_DATA SECTION_:
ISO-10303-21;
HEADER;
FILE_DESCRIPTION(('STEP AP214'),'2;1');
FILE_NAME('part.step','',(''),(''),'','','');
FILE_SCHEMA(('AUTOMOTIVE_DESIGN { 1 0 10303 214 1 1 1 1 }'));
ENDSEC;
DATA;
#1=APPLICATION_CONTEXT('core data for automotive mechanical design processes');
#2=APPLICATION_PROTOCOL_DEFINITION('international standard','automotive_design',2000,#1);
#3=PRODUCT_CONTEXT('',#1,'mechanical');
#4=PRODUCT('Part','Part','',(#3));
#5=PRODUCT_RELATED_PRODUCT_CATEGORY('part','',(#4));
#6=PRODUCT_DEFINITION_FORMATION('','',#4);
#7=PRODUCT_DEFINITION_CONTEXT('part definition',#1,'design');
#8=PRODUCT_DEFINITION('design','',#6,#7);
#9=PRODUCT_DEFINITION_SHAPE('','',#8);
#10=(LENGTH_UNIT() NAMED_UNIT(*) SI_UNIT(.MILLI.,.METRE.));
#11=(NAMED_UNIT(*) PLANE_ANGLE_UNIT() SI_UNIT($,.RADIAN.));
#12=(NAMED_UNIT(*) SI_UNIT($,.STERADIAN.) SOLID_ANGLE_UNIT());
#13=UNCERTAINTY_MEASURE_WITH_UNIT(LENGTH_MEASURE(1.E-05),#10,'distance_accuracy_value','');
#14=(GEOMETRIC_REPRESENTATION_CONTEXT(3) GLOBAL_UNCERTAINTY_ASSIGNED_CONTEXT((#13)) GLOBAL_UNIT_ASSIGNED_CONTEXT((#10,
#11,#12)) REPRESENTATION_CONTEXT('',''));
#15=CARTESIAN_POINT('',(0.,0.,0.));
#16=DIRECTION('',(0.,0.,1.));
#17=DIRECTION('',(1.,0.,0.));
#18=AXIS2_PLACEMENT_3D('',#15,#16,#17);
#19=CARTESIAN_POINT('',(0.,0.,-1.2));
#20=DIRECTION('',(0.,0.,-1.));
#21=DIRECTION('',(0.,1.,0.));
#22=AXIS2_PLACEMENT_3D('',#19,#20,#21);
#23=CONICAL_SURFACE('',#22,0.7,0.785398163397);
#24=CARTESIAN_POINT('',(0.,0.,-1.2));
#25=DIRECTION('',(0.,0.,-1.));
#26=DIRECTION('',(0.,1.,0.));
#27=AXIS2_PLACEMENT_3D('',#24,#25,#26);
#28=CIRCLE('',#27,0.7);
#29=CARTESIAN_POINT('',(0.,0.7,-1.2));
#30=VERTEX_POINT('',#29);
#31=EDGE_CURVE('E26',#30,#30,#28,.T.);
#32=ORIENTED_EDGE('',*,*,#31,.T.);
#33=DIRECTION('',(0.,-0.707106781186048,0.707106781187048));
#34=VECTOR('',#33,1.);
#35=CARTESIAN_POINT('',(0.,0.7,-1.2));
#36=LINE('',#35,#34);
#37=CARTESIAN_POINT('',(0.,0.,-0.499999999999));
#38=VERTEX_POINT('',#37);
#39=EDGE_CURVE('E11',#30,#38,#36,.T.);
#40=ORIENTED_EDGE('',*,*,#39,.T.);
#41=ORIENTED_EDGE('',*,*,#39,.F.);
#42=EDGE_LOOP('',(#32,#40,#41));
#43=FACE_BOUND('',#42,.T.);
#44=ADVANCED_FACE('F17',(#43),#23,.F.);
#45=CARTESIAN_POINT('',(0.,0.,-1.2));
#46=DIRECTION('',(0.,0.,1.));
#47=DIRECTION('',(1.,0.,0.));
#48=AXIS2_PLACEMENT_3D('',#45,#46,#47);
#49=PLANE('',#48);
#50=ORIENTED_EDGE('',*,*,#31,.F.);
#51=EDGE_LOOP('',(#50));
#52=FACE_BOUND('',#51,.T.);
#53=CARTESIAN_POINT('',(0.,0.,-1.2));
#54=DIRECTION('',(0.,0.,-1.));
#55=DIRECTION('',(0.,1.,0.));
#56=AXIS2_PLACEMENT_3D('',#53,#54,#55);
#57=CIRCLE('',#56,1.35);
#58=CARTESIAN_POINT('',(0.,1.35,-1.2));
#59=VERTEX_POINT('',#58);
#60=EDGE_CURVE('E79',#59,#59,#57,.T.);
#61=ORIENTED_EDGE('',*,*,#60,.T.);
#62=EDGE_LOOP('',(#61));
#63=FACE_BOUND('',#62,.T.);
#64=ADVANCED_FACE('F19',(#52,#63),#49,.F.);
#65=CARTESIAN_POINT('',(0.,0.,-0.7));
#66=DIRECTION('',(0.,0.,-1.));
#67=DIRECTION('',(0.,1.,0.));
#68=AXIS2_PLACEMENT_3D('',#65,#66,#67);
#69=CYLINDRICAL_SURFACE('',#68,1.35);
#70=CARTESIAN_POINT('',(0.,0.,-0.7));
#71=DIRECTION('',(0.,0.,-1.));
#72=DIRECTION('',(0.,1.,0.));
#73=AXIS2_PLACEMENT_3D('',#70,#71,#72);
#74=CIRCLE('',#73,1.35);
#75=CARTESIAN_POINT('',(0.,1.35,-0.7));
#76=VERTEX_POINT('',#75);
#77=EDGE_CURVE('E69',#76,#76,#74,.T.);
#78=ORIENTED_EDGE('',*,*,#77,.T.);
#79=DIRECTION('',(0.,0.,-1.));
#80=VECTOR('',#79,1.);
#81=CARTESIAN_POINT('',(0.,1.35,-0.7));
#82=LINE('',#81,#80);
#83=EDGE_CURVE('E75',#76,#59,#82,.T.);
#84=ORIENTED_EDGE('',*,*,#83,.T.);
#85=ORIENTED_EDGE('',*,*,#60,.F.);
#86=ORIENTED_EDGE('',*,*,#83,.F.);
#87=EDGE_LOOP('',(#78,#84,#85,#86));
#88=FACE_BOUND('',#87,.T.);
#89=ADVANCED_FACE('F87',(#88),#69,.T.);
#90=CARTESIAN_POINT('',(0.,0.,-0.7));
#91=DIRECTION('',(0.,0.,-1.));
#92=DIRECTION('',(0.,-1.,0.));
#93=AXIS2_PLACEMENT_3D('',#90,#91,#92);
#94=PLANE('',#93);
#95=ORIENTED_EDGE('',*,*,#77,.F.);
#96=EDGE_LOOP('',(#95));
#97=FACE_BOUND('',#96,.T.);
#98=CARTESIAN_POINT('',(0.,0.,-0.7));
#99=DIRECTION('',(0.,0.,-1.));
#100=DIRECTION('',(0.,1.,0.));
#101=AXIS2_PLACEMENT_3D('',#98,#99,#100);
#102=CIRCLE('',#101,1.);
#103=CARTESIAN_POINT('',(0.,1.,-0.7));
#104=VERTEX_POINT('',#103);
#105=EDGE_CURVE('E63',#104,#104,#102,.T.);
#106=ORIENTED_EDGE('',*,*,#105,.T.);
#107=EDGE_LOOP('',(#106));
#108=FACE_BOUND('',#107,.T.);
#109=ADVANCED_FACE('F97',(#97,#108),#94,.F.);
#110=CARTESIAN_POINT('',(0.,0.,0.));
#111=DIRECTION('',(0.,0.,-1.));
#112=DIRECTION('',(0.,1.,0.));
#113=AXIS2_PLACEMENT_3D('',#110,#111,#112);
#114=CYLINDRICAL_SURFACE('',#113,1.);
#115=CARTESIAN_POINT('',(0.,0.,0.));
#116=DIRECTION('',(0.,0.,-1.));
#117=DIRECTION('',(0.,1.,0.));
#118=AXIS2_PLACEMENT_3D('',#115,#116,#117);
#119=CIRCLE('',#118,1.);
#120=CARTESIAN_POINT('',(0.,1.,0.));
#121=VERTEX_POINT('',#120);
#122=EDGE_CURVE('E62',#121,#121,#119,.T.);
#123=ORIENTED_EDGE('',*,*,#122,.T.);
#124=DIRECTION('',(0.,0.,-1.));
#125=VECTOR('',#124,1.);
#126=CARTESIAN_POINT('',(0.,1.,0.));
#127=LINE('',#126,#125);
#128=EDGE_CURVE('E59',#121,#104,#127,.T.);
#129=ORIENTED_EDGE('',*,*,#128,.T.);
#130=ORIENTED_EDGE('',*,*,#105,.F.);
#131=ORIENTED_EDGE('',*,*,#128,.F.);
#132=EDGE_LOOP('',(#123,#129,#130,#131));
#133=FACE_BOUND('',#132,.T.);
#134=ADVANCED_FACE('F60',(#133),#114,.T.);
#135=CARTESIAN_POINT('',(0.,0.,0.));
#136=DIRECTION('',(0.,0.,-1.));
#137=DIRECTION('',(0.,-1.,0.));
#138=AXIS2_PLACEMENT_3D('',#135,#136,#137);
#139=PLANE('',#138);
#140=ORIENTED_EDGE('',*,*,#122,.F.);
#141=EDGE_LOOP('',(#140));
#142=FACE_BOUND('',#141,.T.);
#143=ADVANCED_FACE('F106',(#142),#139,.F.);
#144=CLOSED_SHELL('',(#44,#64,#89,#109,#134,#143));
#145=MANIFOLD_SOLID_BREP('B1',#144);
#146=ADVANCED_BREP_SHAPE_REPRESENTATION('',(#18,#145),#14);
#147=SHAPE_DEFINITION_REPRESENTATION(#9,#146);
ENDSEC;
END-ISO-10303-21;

_DIRECTIONS_: Above are records; repeat only the lines starting at the line with "#42=EDGE_LOOP('',(#32,#40,#41));" and ending at the line with "#49=PLANE('',#48);", exactly as they appear, both included.

_OUTPUT_:
#42=EDGE_LOOP('',(#32,#40,#41));
#43=FACE_BOUND('',#42,.T.);
#44=ADVANCED_FACE('F17',(#43),#23,.F.);
#45=CARTESIAN_POINT('',(0.,0.,-1.2));
#46=DIRECTION('',(0.,0.,1.));
#47=DIRECTION('',(1.,0.,0.));
#48=AXIS2_PLACEMENT_3D('',#45,#46,#47);
#49=PLANE('',#48);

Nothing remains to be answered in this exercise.